Beispiele für Betrug durch Umsatzsteuerkarusselle

Unsplash: @ KOBU Agency

Haben Sie bereits vom Betrugssystem der Umsatzsteuerkarusselle gehört oder von konkreten Beispielen über die Medien erfahren? Schätzungen zur Folge gehen durch Umsatzsteuerbetrug den EU-Mitgliedsstaaten jährlich rund 50 Milliarden Euro an Steuergeldern verloren. Warum dieses raffinierte Betrugssystem so schwer aufzudecken ist, wie es funktioniert und welche Rolle unwissende Unternehmen spielen können, lässt sich an konkreten Fallbeispielen am besten zeigen.

1. Was ist ein Umsatzsteuerkarussell?

Ein Umsatzsteuerkarussell ist ein Betrugsschema, bei dem Unternehmen innerhalb der EU grenzüberschreitend Waren oder Dienstleistungen handeln, um die Umsatzsteuer zu hinterziehen. Dabei werden Waren – wie Computerchips, Zertifikate, Konsolen oder Luxusartikel – mehrfach über verschiedene Firmen verkauft, wobei eine oder mehrere Firmen die fällige Umsatzsteuer nicht an das Finanzamt abführen. Diese Firmen werden als sogenannte „Missing Trader“ bezeichnet, da sie meist nach einer bestimmten Zeit verschwinden, bevor sie das Finanzamt zu Rede stellen kann. Zur selben Zeit machen die anderen beteiligten Unternehmen Vorsteuererstattungen geltend. Dieses komplexe Betrugssystem führt zu erheblichen finanziellen Schäden und kann für unwissende Unternehmen gravierende rechtliche Folgen haben. Rechtlich sind alle Vorgänge im Umsatusteuergesetz (kurz: UStG) geregelt.
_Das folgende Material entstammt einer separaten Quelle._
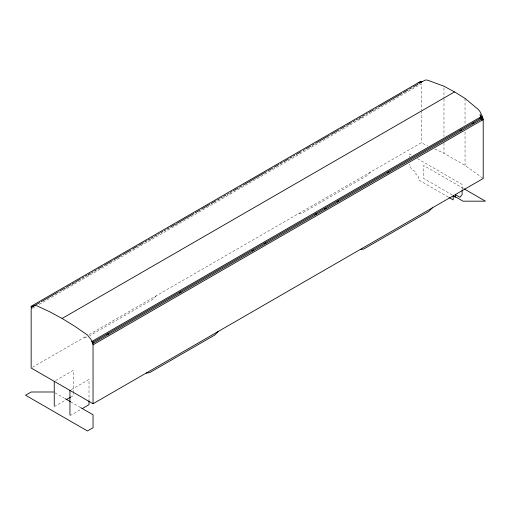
<?xml version="1.0" encoding="UTF-8"?>
<svg xmlns="http://www.w3.org/2000/svg" width="511" height="511" viewBox="0 0 511 511"><rect width="100%" height="100%" fill="white"/><g stroke="black" fill="none" stroke-linecap="round" stroke-linejoin="round"><path stroke-width="0.38" stroke-dasharray="2.56 1.92" d="M156.277 295.78L152.917 299.28L89.725 335.759M370.418 172.15L367.058 175.643L301.803 213.317L298.443 213.707M64.814 288.715L66.194 287.923M71.725 284.729L73.801 283.528M74.491 283.132L75.871 282.334M87.617 275.55L89.693 274.356M149.812 239.646L151.192 238.848M175.375 224.885L176.761 224.086M229.279 193.765L230.659 192.966M358.498 119.159L360.568 117.964M361.264 117.568L362.644 116.77M374.391 109.986L375.77 109.188M32.5 308.286L35.195 306.734M39.226 304.403L50.666 297.798M51.336 297.415L421.32 83.804L421.32 110.095M32.532 367.224L86.372 336.142M89.131 334.545L421.32 142.761L427.688 145.712M55.616 380.567L73.309 370.347L73.309 392.461M71.31 389.631L89.01 379.411L89.01 399.947M54.249 406.622L65.146 400.337M70.588 397.194L73.309 395.623L73.309 393.253M69.95 415.686L80.84 409.4M84.296 337.337L87.662 336.947M434.765 148.988L443.97 153.249L465.042 165.417L483.208 178.492M411.272 155.082L409.209 153.894L409.209 157.049M417.455 158.653L462.129 184.445L462.129 189.179M463.445 188.47L423.562 165.443L423.562 178.39L452.139 194.889M448.358 197.105L418.183 179.68L418.183 175.797L415.941 174.507L415.941 171.913L411.451 169.326L409.209 164.146M54.939 392.78L64.469 398.28M70.588 401.818L80.795 407.708M465.042 98.399L465.042 124.729M465.042 131.908L465.042 165.417M443.97 87.828L443.97 98.195M443.97 98.993L443.97 136.494M443.97 142.876L443.97 153.249M421.32 110.893L421.32 142.761"/><path stroke-width="0.77" d="M479.842 118.705L480.774 117.019L480.078 114.847L482.084 117.409L482.084 118.705L93.047 343.315L92.555 343.034M218.165 331.511L214.799 335.005L149.551 372.679L146.184 373.068M432.306 207.881L428.946 211.375L363.691 249.049L360.332 249.438M420.949 82.629L421.288 82.303L420.195 81.677L31.158 306.287L31.158 307.584L31.644 307.865M422.616 81.511L425.382 80.035L427.541 80.15L443.97 86.231L454.509 91.91L465.042 98.399L478.219 109.411L479.95 111.545L482.544 116.802L483.208 119.536L483.208 178.492L93.047 403.747L31.158 368.022L31.158 309.066L31.906 307.239L33.164 306.044L34.818 305.527L36.76 305.77L49.401 311.621L62.099 318.462L74.798 326.28L87.438 335.024L91.035 339.457L93.047 344.791L93.047 403.747M39.845 302.531L32.244 306.919L31.158 306.287M41.225 301.733L58.503 291.755M59.883 290.957L64.718 288.166M66.104 287.367L70.94 284.576M72.319 283.777L74.395 282.583M75.775 281.785L80.617 278.993M81.996 278.195L84.066 276.994M85.452 276.195L86.832 275.397M88.218 274.605L90.287 273.404M91.667 272.606L93.053 271.807M94.433 271.009L96.509 269.814M97.888 269.016L102.724 266.225M104.11 265.426L112.401 260.642M113.781 259.844L121.382 255.455M122.768 254.657L131.059 249.866M132.438 249.068L137.28 246.276M138.66 245.478L143.495 242.687M144.881 241.888L146.951 240.694M148.331 239.895L149.717 239.097M151.096 238.298L153.172 237.098M154.552 236.306L156.628 235.105M158.008 234.306L159.387 233.508M160.773 232.709L162.843 231.515M164.229 230.716L165.609 229.918M166.988 229.12L169.064 227.925M170.444 227.127L175.286 224.335M176.665 223.537L193.944 213.56M195.323 212.761L200.159 209.97M201.545 209.171L209.836 204.387M211.215 203.589L216.051 200.797M217.437 199.999L219.506 198.798M220.893 198L222.272 197.208M223.652 196.409L225.728 195.208M227.108 194.41L228.494 193.612M230.563 192.417L231.949 191.619M233.329 190.82L238.164 188.029M239.55 187.23L241.62 186.036M243.006 185.238L266.499 171.67M267.879 170.872L272.714 168.081M274.1 167.282L278.936 164.491M280.315 163.692L282.391 162.498M283.771 161.7L288.613 158.908M289.993 158.11L292.062 156.909M293.448 156.111L294.828 155.312M296.214 154.514L301.049 151.722M303.119 150.528L304.505 149.729M305.885 148.931L310.72 146.14M312.106 145.341L314.176 144.147M315.562 143.348L329.378 135.364M330.764 134.572L339.055 129.781M340.435 128.983L345.276 126.191M346.656 125.393L351.491 122.602M352.877 121.803L354.947 120.609M356.327 119.81L357.713 119.012M359.092 118.213L361.168 117.013M362.548 116.214L364.624 115.02M366.004 114.221L367.383 113.423M368.77 112.624L373.605 109.833M375.681 108.639L377.061 107.84M378.44 107.042L401.94 93.475M403.32 92.676L408.155 89.885M409.541 89.086L411.611 87.892M412.99 87.094L417.832 84.302M419.212 83.504L421.288 82.303M62.099 318.462L454.509 91.91M93.047 342.019L482.084 117.409L480.998 116.783L91.954 341.393L93.047 342.019L93.047 343.315M107.067 334.654L108.447 333.855M179.623 292.765L181.003 291.966M252.179 250.875L253.558 250.077M264.615 243.69L266.001 242.897M315.063 214.569L316.443 213.77M324.734 208.986L326.12 208.188M337.171 201.8L338.557 201.002M387.619 172.68L388.999 171.881M460.175 130.79L461.554 129.992M472.611 123.605L473.997 122.806M93.047 344.791L483.208 119.536M66.507 399.551L70.588 397.194M82.201 408.615L89.01 404.68L89.01 400.733M417.953 82.974L422.207 81.434L420.195 81.677M53.578 391.994L31.158 391.994L25.55 395.233L87.438 430.965L93.047 427.726L93.047 414.779L80.795 407.708M482.084 118.705L481.598 118.418L482.084 120.181M464.135 188.866L485.45 201.174L463.03 201.174L454.86 196.46M449.048 197.501L453.161 199.878L453.161 195.994L455.403 197.291L455.403 194.697L459.887 197.291L462.129 194.697L462.129 189.971M65.146 398.676L70.588 401.818M480.078 114.847L481.336 117.498M69.95 390.417L69.95 414.9M54.249 381.353L54.249 405.836"/></g></svg>

2. Umsatzsteuerkarusselle: Beispiel für typische Abläufe und Strukturen

Strukturen und Abläufe von Umsatzsteuerkarussellen am Beispiel

pixabay: @ noname_13

Zentral für den Ablauf des Umsatzsteuerkarussells ist eine EU-Sonderregelung zur Umsatzsteuer. Diese besagt, dass grenzüberschreitende Warenlieferungen innerhalb der EU von der Umsatzsteuer befreit sind.  Ein vereinfachter Ablauf lässt sich wie folgt beschreiben:

Schritt 1: Am Anfang jedes Betruges steht ein Unternehmen (Akteur A) aus einem EU-Land, welches eine Ware an ein anderes Unternehmen (Akteur B) im EU-Ausland verkauft. Hierfür fallen nach der Sonderregelung in der Regel keine Umsatzsteuern an.

Schritt 2: Akteur B verkauft die Ware im Inland weiter an Akteur C. Hier fällt jedoch eine Umsatzsteuer in Form einer Mehrwertsteuer im jeweiligen Land an. Akteur B meldet und zahlt diese Summe jedoch nicht dem Finanzamt.

Schritt 3: Akteur C verkauft die Ware anschließend wieder an Akteur A oder weitere Unternehmen in einem anderen EU-Land umsatzsteuerfrei.

Der Betrug findet statt, da Akteur B die Umsatzsteuer, die er Akteur C berechnet, nicht UStG-konform dem Finanzamt abführt. Er behält die Steuer und verschwindet in der Regel nach einem halben Jahr vom Markt (genannt „Missing Trader“). Akteur C wiederum kann sich die gezahlte Umsatzsteuer beim Kauf der Ware als Vorsteuerabzug beim Finanzamt zurückzahlen lassen. So entsteht ein Karussellgeschäft mit Umsatzsteuerbetrug, das sogar mehrmals durchlaufen kann, ohne dass das Finanzamt davon etwas mitbekommt.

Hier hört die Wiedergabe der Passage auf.